Outdoors: Collard seeds can be direct sowed into the row, or seeded in a separate area and transplanted to the row after a few weeks. We recommend planting them together in a seedbed, and transplanting the seedlings. This allows for better control of the spacing of your seedlings. This is a common method for the second planting. Plant seeds 1/2 inch deep. Water well and make sure to keep the top level of soil moist, especially during the drier mid-summer planting.

Whether direct seeding or transplanting, make the final spacing 18 to 24 inches apart, in rows three feet apart. The outer leaves of a healthy plant will spread and cover a lot of space.

Tip: For direct seeding, prepare the soil first. Then, place tomato cages (to mark your planting) 18 to 24 inches apart. Sow several seeds inside the ring of the cage. Thin to two plants a week after germination, and to one plant after a couple of weeks.
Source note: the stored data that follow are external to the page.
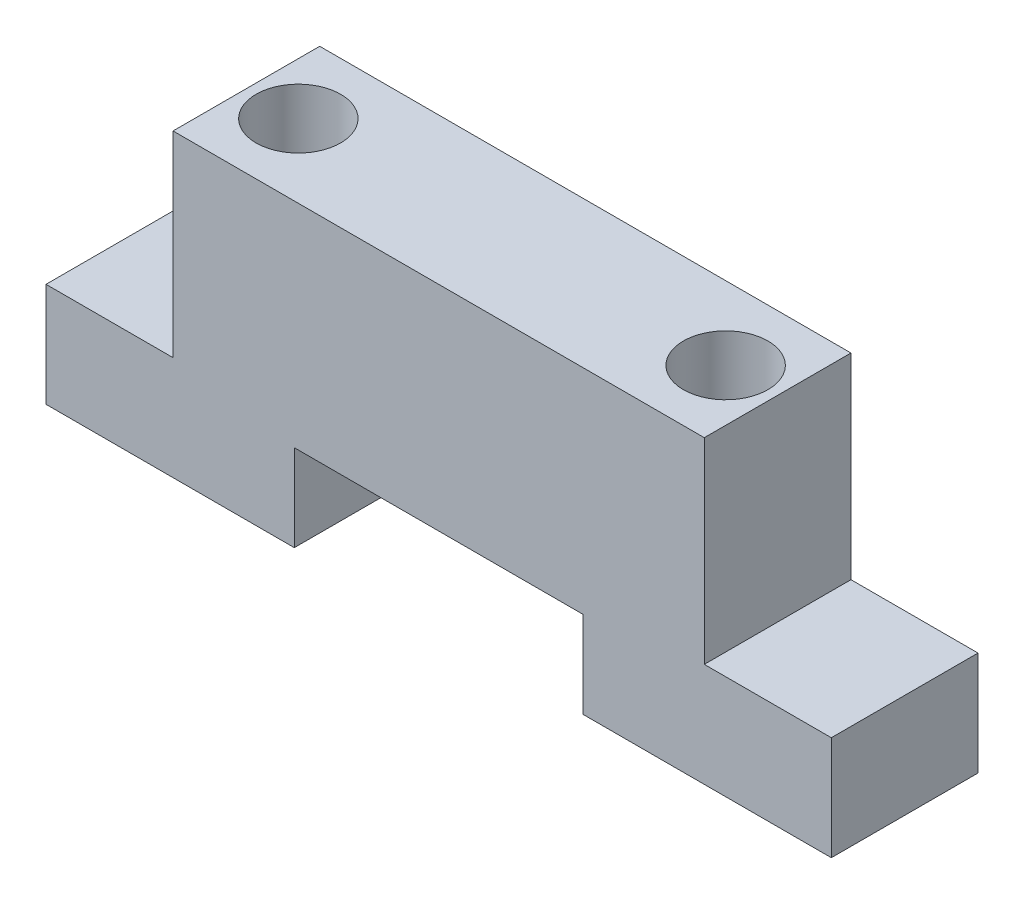
SolidWorks part; units mm, degrees
material "ABS"
ref_plane "Front Plane" through (0, 0, 0) normal (0, 0, 1) x (1, 0, 0)
ref_plane "Top Plane" through (0, 0, 0) normal (0, 1, 0) x (1, 0, 0)
ref_plane "Right Plane" through (0, 0, 0) normal (1, 0, 0) x (0, 0, -1)
sketch "Sketch1" plane through (0, 0, 0) normal (0, 0, 1) x (1, 0, 0)
  line L0 (0, 0) -> (0, 4.5)
  line L1 (0, 4.5) -> (5.5, 4.5)
  line L2 (5.5, 4.5) -> (5.5, 13)
  line L3 (5.5, 13) -> (28.5, 13)
  line L4 (28.5, 13) -> (28.5, 4.5)
  line L5 (28.5, 4.5) -> (34, 4.5)
  line L6 (34, 4.5) -> (34, 0)
  line L7 (10.75, 3.75) -> (23.25, 3.75)
  line L11 (23.25, 3.75) -> (23.25, 0)
  line L12 (34, 0) -> (23.25, 0)
  line L14 (10.75, 3.75) -> (10.75, 0)
  line L15 (10.75, 0) -> (0, 0)
  dimension "D1" = 4.5
  dimension "D2" = 3.75
  dimension "D3" = 10.75
  dimension "D4" = 5.5
  dimension "D5" = 12.5
  dimension "D6" = 10.75
  dimension "D7" = 13
  dimension "D8" = 5.5
  dimension "D9" = 4.5
extrude "Boss-Extrude1" add sketch "Sketch1" along normal blind 6.35
hole_wizard "#6 Clearance Hole1" positions "3DSketch1" profile "Sketch5" hole size "#6" standard "Ansi Inch" end condition through all
sketch3d "3DSketch1"
  line L2 (28.5, 13, 3.175) -> (5.5, 13, 3.175) construction
  line L3 (28.5, 13, 6.35) -> (28.5, 13, 0) construction
  line L4 (5.5, 13, 6.35) -> (5.5, 13, 0) construction
  line L6 (17, 13, 6.35) -> (17, 13, 0) construction
  line L7 (28.5, 13, 6.35) -> (5.5, 13, 6.35) construction
  line L8 (28.5, 13, 0) -> (5.5, 13, 0) construction
  point P0 (26.25, 13, 3.175)
  point P4 (7.75, 13, 3.175)
  dimension "D1" = 9.25
  dimension "D2" = 9.25
sketch "Sketch5" plane through (26.25, 13, 3.175) normal (1, 0, 0) x (0, 0, 1)
  line L0 (0, 0) -> (0, 13)
  line L1 (0, 13) -> (1.8288, 13)
  line L2 (1.8288, 13) -> (1.8288, 0)
  line L5 (1.8288, 0) -> (0, 0)
  line L11 (0, -6.35) -> (0, 107.95) construction
  dimension "Thru Hole Dia." = 3.6576
  dimension "Thru Hole Depth" = 13

This avoids transplant shock, and assures proper spacing, for maximum growth. Remove the tomato cages after the seedlings have begun to grow.


How to Grow Collard Plants:

Growing Collard greens is easy.

Because Collards do not form heads, it is easier to grow than cabbage. The young leaves can be harvested as the plant grows for salads, soups and other recipes.

Collard plants prefer full sunlight. Collards will grow in average and poorer soils. But like any plant, they respond favorably to richer soil high in nutrients.

Note: Make sure to provide plenty of nitrogen for a greener crop.

Keep the soil moist and well draining, but not wet. Dry conditions lead to bitter vegetables in all of the vegetable world. Collards are no exception.


Days to Maturity:

Collard greens are normally harvested in 70 - 80 days. The tender young leaves can be harvested as soon as they reach a size that is easy for picking.



Insects and Pests:


All members of the cabbage family are extremely susceptible to insects. Collards are no exception. Among the most common are aphids, and cabbage loopers. Cabbage loopers the larva stage of a moth. Those white moths that visit your garden and yard are the culprits. Effective treatment in the home garden is to place a screen over the plant so the moth can not lay her eggs.

Commercial growers apply insecticides to control them. Aphids are controlled by frequent spraying. Organic controls in the form of soap or garlic sprays are also effective.


Disease:


Collards are fairly resistant to most diseases.


Hardiness:


Collards, as previously mentioned, are among the hardiest of annuals. The plants can withstand temperatures into the upper 20's. You know you have a hardy plant when you go out to the garden in December, brush a little snow away, and harvest some vegetables.

Did you Know? For all members of the cabbage family, flavor is better in cool weather. Most growers will attest that the flavor is best after a frost.